The stronger the harness becomes, the more important one question remains.
Where should the human stand?
If everything can be automated, is the human merely the person who presses the final approval button? If AI drafts, reviews, revises, and deploys, where does the human bear responsibility?
I do not think the human place disappears. I think it becomes clearer.
A person does not need to write every sentence by hand. A person does not need to draw every image directly. A person does not need to type every line of code.
But the person must choose the direction. The person must decide what will be published. The person must judge what can go out under their name. The person must know which automations should stop.
The point of a harness is not to push the human out of the work. It is to return the human to the place of judgment.
AI is power. Harness is direction. The human is responsibility.
When these three are separated, automation becomes dangerous. When they are connected, automation becomes a tool.
Morning Again

Morning again.
You open the laptop. The screen lights up.

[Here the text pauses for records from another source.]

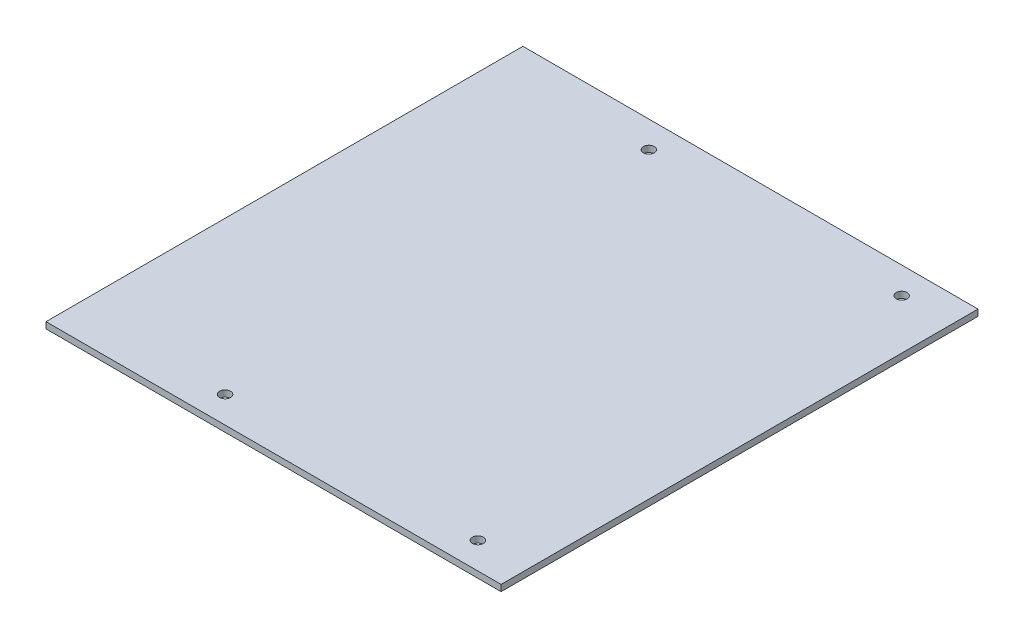
SolidWorks part; units mm, degrees
ref_plane "Front Plane" through (0, 0, 0) normal (0, 0, 1) x (1, 0, 0)
ref_plane "Top Plane" through (0, 0, 0) normal (0, 1, 0) x (1, 0, 0)
ref_plane "Right Plane" through (0, 0, 0) normal (1, 0, 0) x (0, 0, -1)
sketch "Sketch1" plane through (0, 0, 0) normal (0, 1, 0) x (1, 0, 0)
  line L1 (-140.35, -119.775) -> (-368.95, -119.775)
  line L2 (-140.35, -119.775) -> (-140.35, 119.775)
  line L3 (-140.35, 119.775) -> (-368.95, 119.775)
  line L4 (-368.95, -119.775) -> (-368.95, 119.775)
  line L5 (0, -3.8154) -> (0, 119.775) construction
  line L6 (361.3726, 119.775) -> (-361.3726, 119.775) construction
  line L7 (361.3726, -119.775) -> (-361.3726, -119.775) construction
  point P0 (0, 0)
  point P7 (-140.35, 0)
  point P9 (0, 0)
  dimension "D2" = 737.9
  dimension "D3" = 228.6
  dimension "D1" = 239.55
extrude "Boss-Extrude1" add sketch "Sketch1" along normal mid plane 3.175
hole_wizard "M5 Clearance Hole1" positions "Sketch4" profile "Sketch3" hole size "M5" standard "ANSI Metric" end condition through all
sketch "Sketch4" plane through (0, 1.5875, 0) normal (0, 1, 0) x (1, 0, 0)
  line L0 (-165.35, 106.425) -> (-165.35, -106.425) construction
  line L1 (-165.35, -106.425) -> (-292.35, -106.425) construction
  line L3 (-140.35, -119.775) -> (-140.35, 119.775) construction
  point P0 (-292.35, 106.425)
  point P2 (-165.35, 106.425)
  point P4 (-165.35, -106.425)
  point P6 (-292.35, -106.425)
  point P15 (-165.35, 0)
  dimension "D1" = 212.85
  dimension "D2" = 25
  dimension "D3" = 127
sketch "Sketch3" plane through (-292.35, 1.5875, -106.425) normal (1, 0, 0) x (0, 0, 1)
  line L0 (0, 0) -> (0, 3.175)
  line L1 (0, 3.175) -> (2.75, 3.175)
  line L2 (2.75, 3.175) -> (2.75, 0)
  line L5 (2.75, 0) -> (0, 0)
  line L11 (0, -6.35) -> (0, 107.95) construction
  dimension "Thru Hole Dia." = 5.5
  dimension "Thru Hole Depth" = 3.175
equation "\"Length\"= 28.5in"
equation "\"D2@Sketch1\"=\"Length\"+7*2mm"
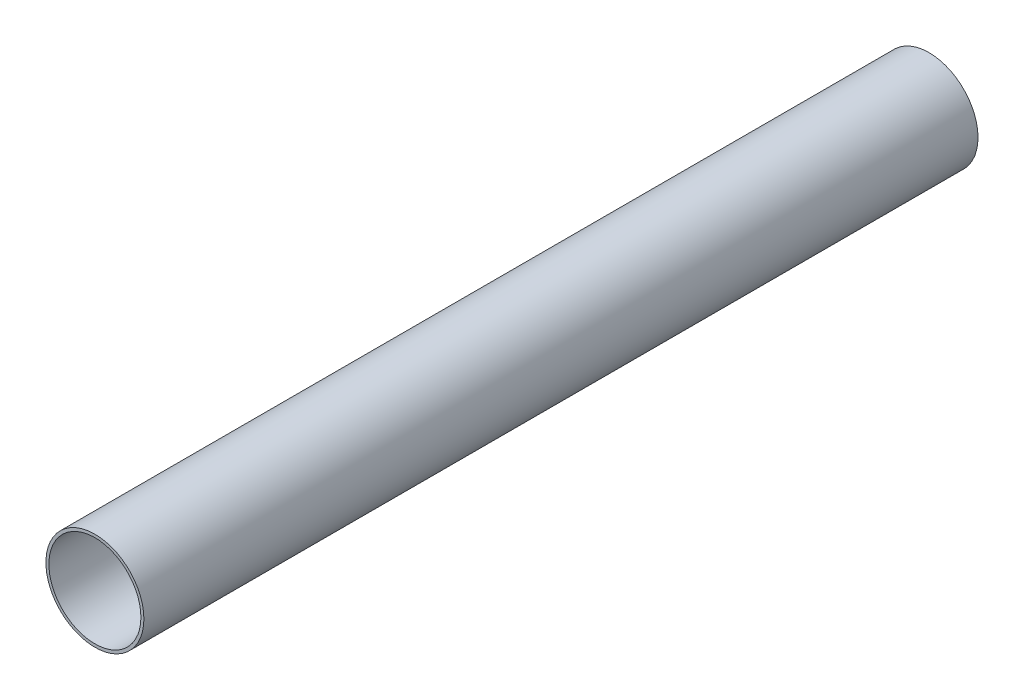
SolidWorks part; units mm, degrees
ref_plane "Front Plane" through (0, 0, 0) normal (0, 0, 1) x (1, 0, 0)
ref_plane "Top Plane" through (0, 0, 0) normal (0, 1, 0) x (1, 0, 0)
ref_plane "Right Plane" through (0, 0, 0) normal (1, 0, 0) x (0, 0, -1)
sketch "Sketch1" plane through (0, 0, 0) normal (0, 0, 1) x (1, 0, 0)
  circle A0 centre (0, 0) radius 20.555
  circle A1 centre (0, 0) radius 19.305
  dimension "D1" = 41.11
  dimension "D2" = 38.61
extrude "Boss-Extrude3" add sketch "Sketch1" against normal blind 350
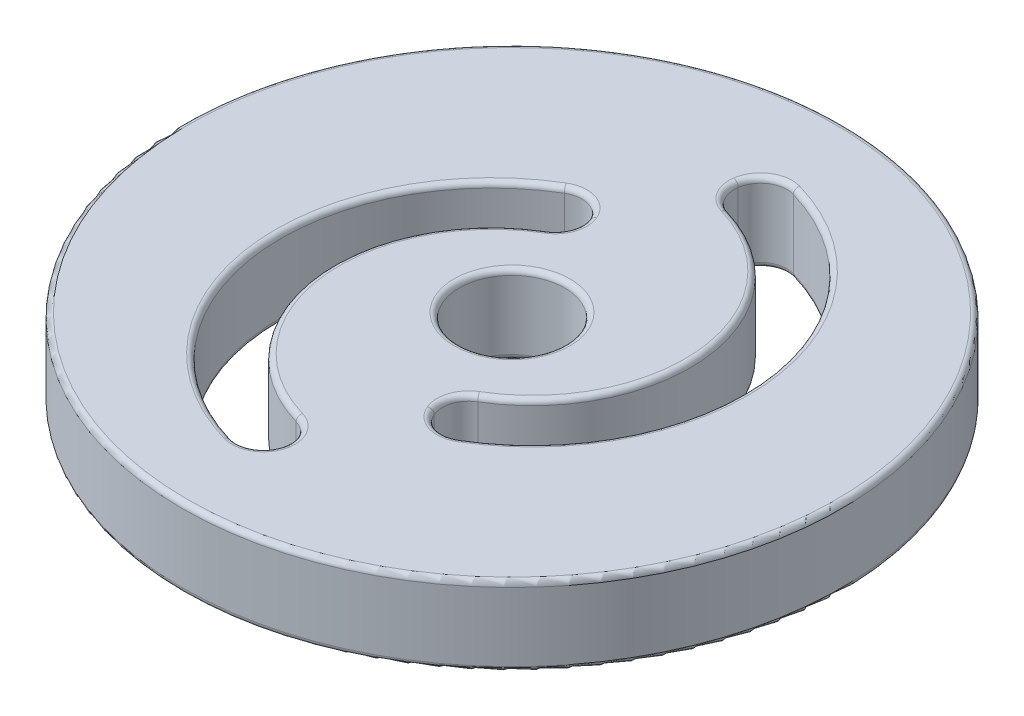
SolidWorks part; units mm, degrees
ref_plane "前视基准面" through (0, 0, 0) normal (0, 0, 1) x (1, 0, 0)
ref_plane "上视基准面" through (0, 0, 0) normal (0, 1, 0) x (1, 0, 0)
ref_plane "右视基准面" through (0, 0, 0) normal (1, 0, 0) x (0, 0, -1)
other "Configuration Table"
sketch "草图1" plane through (0, 0, 0) normal (0, 1, 0) x (1, 0, 0)
  circle A0 centre (0, 0) radius 125
  circle A1 centre (0, 0) radius 20
  dimension "D1" = 40
  dimension "D2" = 250
extrude "凸台-拉伸1" add sketch "草图1" along normal blind 30
sketch "草图2" plane through (0, 30, 0) normal (0, 1, 0) x (1, 0, 0)
  line L0 (0, 0) -> (0, 150) construction
  line L1 (0, 0) -> (-60.6659, 166.6783) construction
  line L2 (1.3957, 96.5021) -> (-1.3957, 76.6979)
  line L3 (13.256, -37.7534) -> (20.9461, -56.2159)
  line L6 (-13.256, 37.7534) -> (-20.9461, 56.2159)
  line L7 (-1.3957, -96.5021) -> (1.3957, -76.6979)
  arc A0 (0, 86.6) -> (17.101, -46.9846) centre (-9.7443, 17.4657) cw construction
  arc A1 (-1.3957, 76.6979) -> (13.256, -37.7534) centre (-9.7443, 17.4657) cw
  arc A2 (1.3957, 96.5021) -> (20.9461, -56.2159) centre (-9.7443, 17.4657) cw
  arc A3 (-1.3957, 76.6979) -> (13.256, -37.7534) centre (-9.7443, 17.4657) cw construction
  circle A4 centre (0, 0) radius 20 construction
  arc A5 (0, 86.6) -> (17.101, -46.9846) centre (-9.7443, 17.4657) cw construction
  arc A8 (-1.3957, -96.5021) -> (-20.9461, 56.2159) centre (9.7443, -17.4657) cw
  arc A9 (1.3957, -76.6979) -> (-13.256, 37.7534) centre (9.7443, -17.4657) cw
  arc A10 (0, -86.6) -> (-17.101, 46.9846) centre (9.7443, -17.4657) cw construction
  point P27 (0, 0)
  point P30 (1.3102, 1.6636)
  dimension "D1" = 20
  dimension "D2" = 86.6
  dimension "D3" = 50
  dimension "D4" = 10
  dimension "D5" = 10
  dimension "D6" = 2
extrude "切除-拉伸1" cut sketch "草图2" against normal blind 30
fillet "圆角3" radius 10 8 edges at (-20.9461, 15, -56.2159) (-13.256, 15, -37.7534) (-1.3957, 15, 96.5021) (1.3957, 15, 76.6979) (20.9461, 15, 56.2159) (13.256, 15, 37.7534) (-1.3957, 15, -76.6979) (1.3957, 15, -96.5021)
fillet "圆角4" radius 2 28 edges at (0, 0, 20) (0, 0, 125) (22.9206, 0, 51.971) (16.5595, 0, 39.3402) (49.5892, 0, -25.0613) (1.4016, 0, -79.0657) (4.3758, 0, -92.8915) (69.4273, 0, -27.6009) (-69.4273, 0, 27.6009) (-22.9206, 0, -51.971) (-16.5595, 0, -39.3402) (-49.5892, 0, 25.0613) (-1.4016, 0, 79.0657) (-4.3758, 0, 92.8915) (0, 30, 20) (0, 30, 125) (49.5892, 30, -25.0613) (16.5595, 30, 39.3402) (22.9206, 30, 51.971) (69.4273, 30, -27.6009) (4.3758, 30, -92.8915) (1.4016, 30, -79.0657) (-16.5595, 30, -39.3402) (-22.9206, 30, -51.971) (-69.4273, 30, 27.6009) (-4.3758, 30, 92.8915) (-1.4016, 30, 79.0657) (-49.5892, 30, 25.0613)
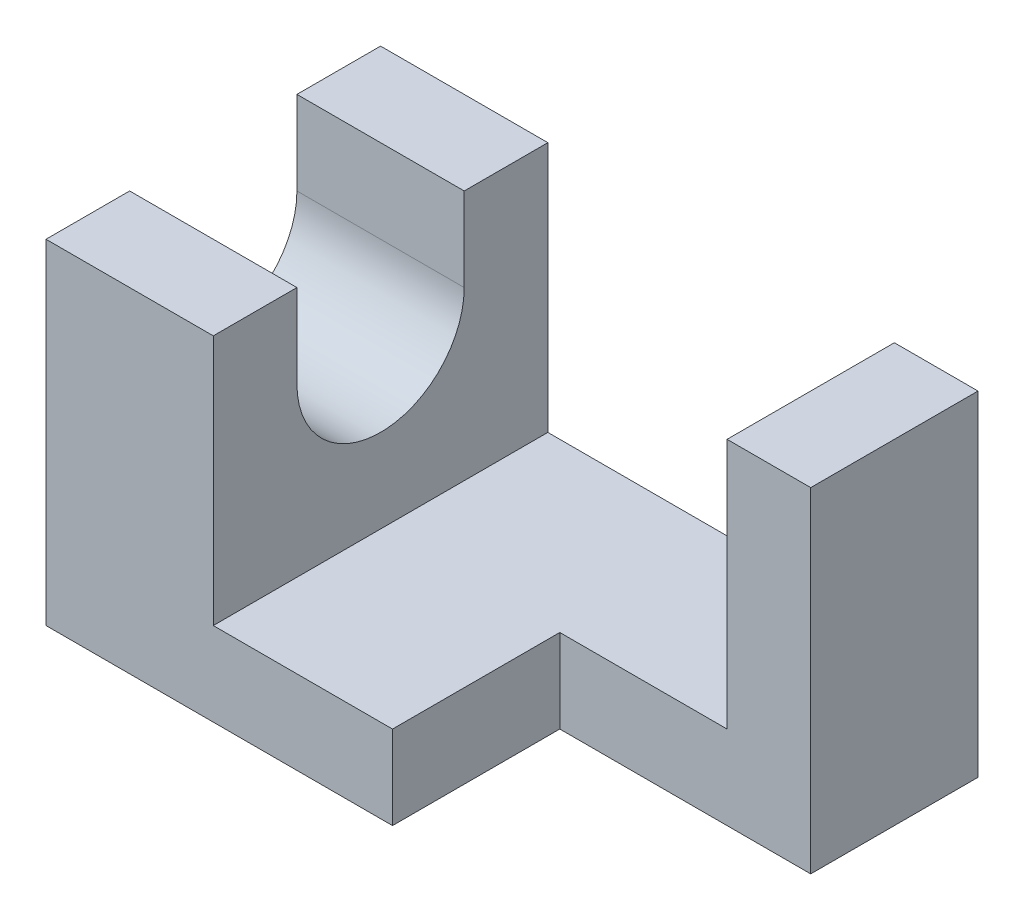
SolidWorks part; units mm, degrees
ref_plane "Front Plane" through (0, 0, 0) normal (0, 0, 1) x (1, 0, 0)
ref_plane "Top Plane" through (0, 0, 0) normal (0, 1, 0) x (1, 0, 0)
ref_plane "Right Plane" through (0, 0, 0) normal (1, 0, 0) x (0, 0, -1)
sketch "Sketch1" plane through (0, 0, 0) normal (0, 1, 0) x (1, 0, 0)
  line L0 (0, 0) -> (-29, 0)
  line L1 (-29, 0) -> (-29, 28)
  line L2 (-29, 28) -> (21, 28)
  line L3 (21, 28) -> (21, 14)
  line L4 (21, 14) -> (0, 14)
  line L5 (0, 14) -> (0, 0)
  line L6 (14, 28) -> (14, 14)
  line L7 (-15, 28) -> (-15, 0)
  point P11 (-15, 3.37)
  dimension "D1" = 28
  dimension "D2" = 50
  dimension "D3" = 21
  dimension "D4" = 14
  dimension "D5" = 7
  dimension "D6" = 14
extrude "Boss-Extrude1" add sketch "Sketch1" along normal blind 7 contours L2 L7 L0 L5 L4 L6 region at (-2.8864, 0, -16.2273)
extrude "Boss-Extrude2" add sketch "Sketch1<3>" along normal blind 28 contours L7 L2 L1 L0 | L2 L6 L4 L3 region at (-22, 0, -14) region at (17.5, 0, -21)
sketch "Sketch1<3>" plane through (0, 0, 0) normal (0, 1, 0) x (1, 0, 0) same geometry as "Sketch1"
sketch "Sketch2" plane through (-29, 0, 0) normal (-1, 0, 0) x (0, 0, 1)
  line L0 (-14, 28) -> (-14, 0) construction
  line L1 (0, 0) -> (-28, 0) construction
  line L2 (-21, 28) -> (-21, 21)
  line L3 (0, 28) -> (-28, 28) construction
  line L4 (-7, 28) -> (-7, 21)
  arc A0 (-21, 21) -> (-7, 21) centre (-14, 21) ccw
  point P11 (0, 0)
  line M4 (0, 28) -> (-28, 28)
  dimension "D1" = 7
  dimension "D2" = 21
extrude "Cut-Extrude1" cut sketch "Sketch2" against normal blind 28 and the other way through all contours L0 L2 A0 M4 | L0 A0 L4 M4 region at (-29, 21.6534, -10.7328) region at (-29, 21.6534, -17.2672)

But this time, something is different.
You know where today’s article should begin. You know which node the saved note connects to. You know where the image belongs. You know what must be checked before deployment.
You also know what to delegate to AI. And you know what not to delegate.
Having a harness does not mean everything happens automatically. It means the opposite. It means you can distinguish what may be automated from what the human must hold.
The hand on the reins does not hate the horse. It holds the reins because it trusts the horse’s strength.
AI is the same.
The power is already here. What we need now is not more power, but a structure through which that power can pass.
When we build that structure, we stop being users dragged by tools. We become workers with direction.
That is harness.
And perhaps it is one way writing, coding, and personal knowledge management can become human work again.
This essay rewrites the concept of harness from Kang Dongmin’s 「당신의 AI는 아직 비서다」 (Your AI Is Still an Assistant, 2026). In that framing, a harness is not mere restriction. It is a device that integrates AI autonomy into human judgment, responsibility, and verification. Here I have unfolded the concept as a prose essay about writing, coding, and personal knowledge management.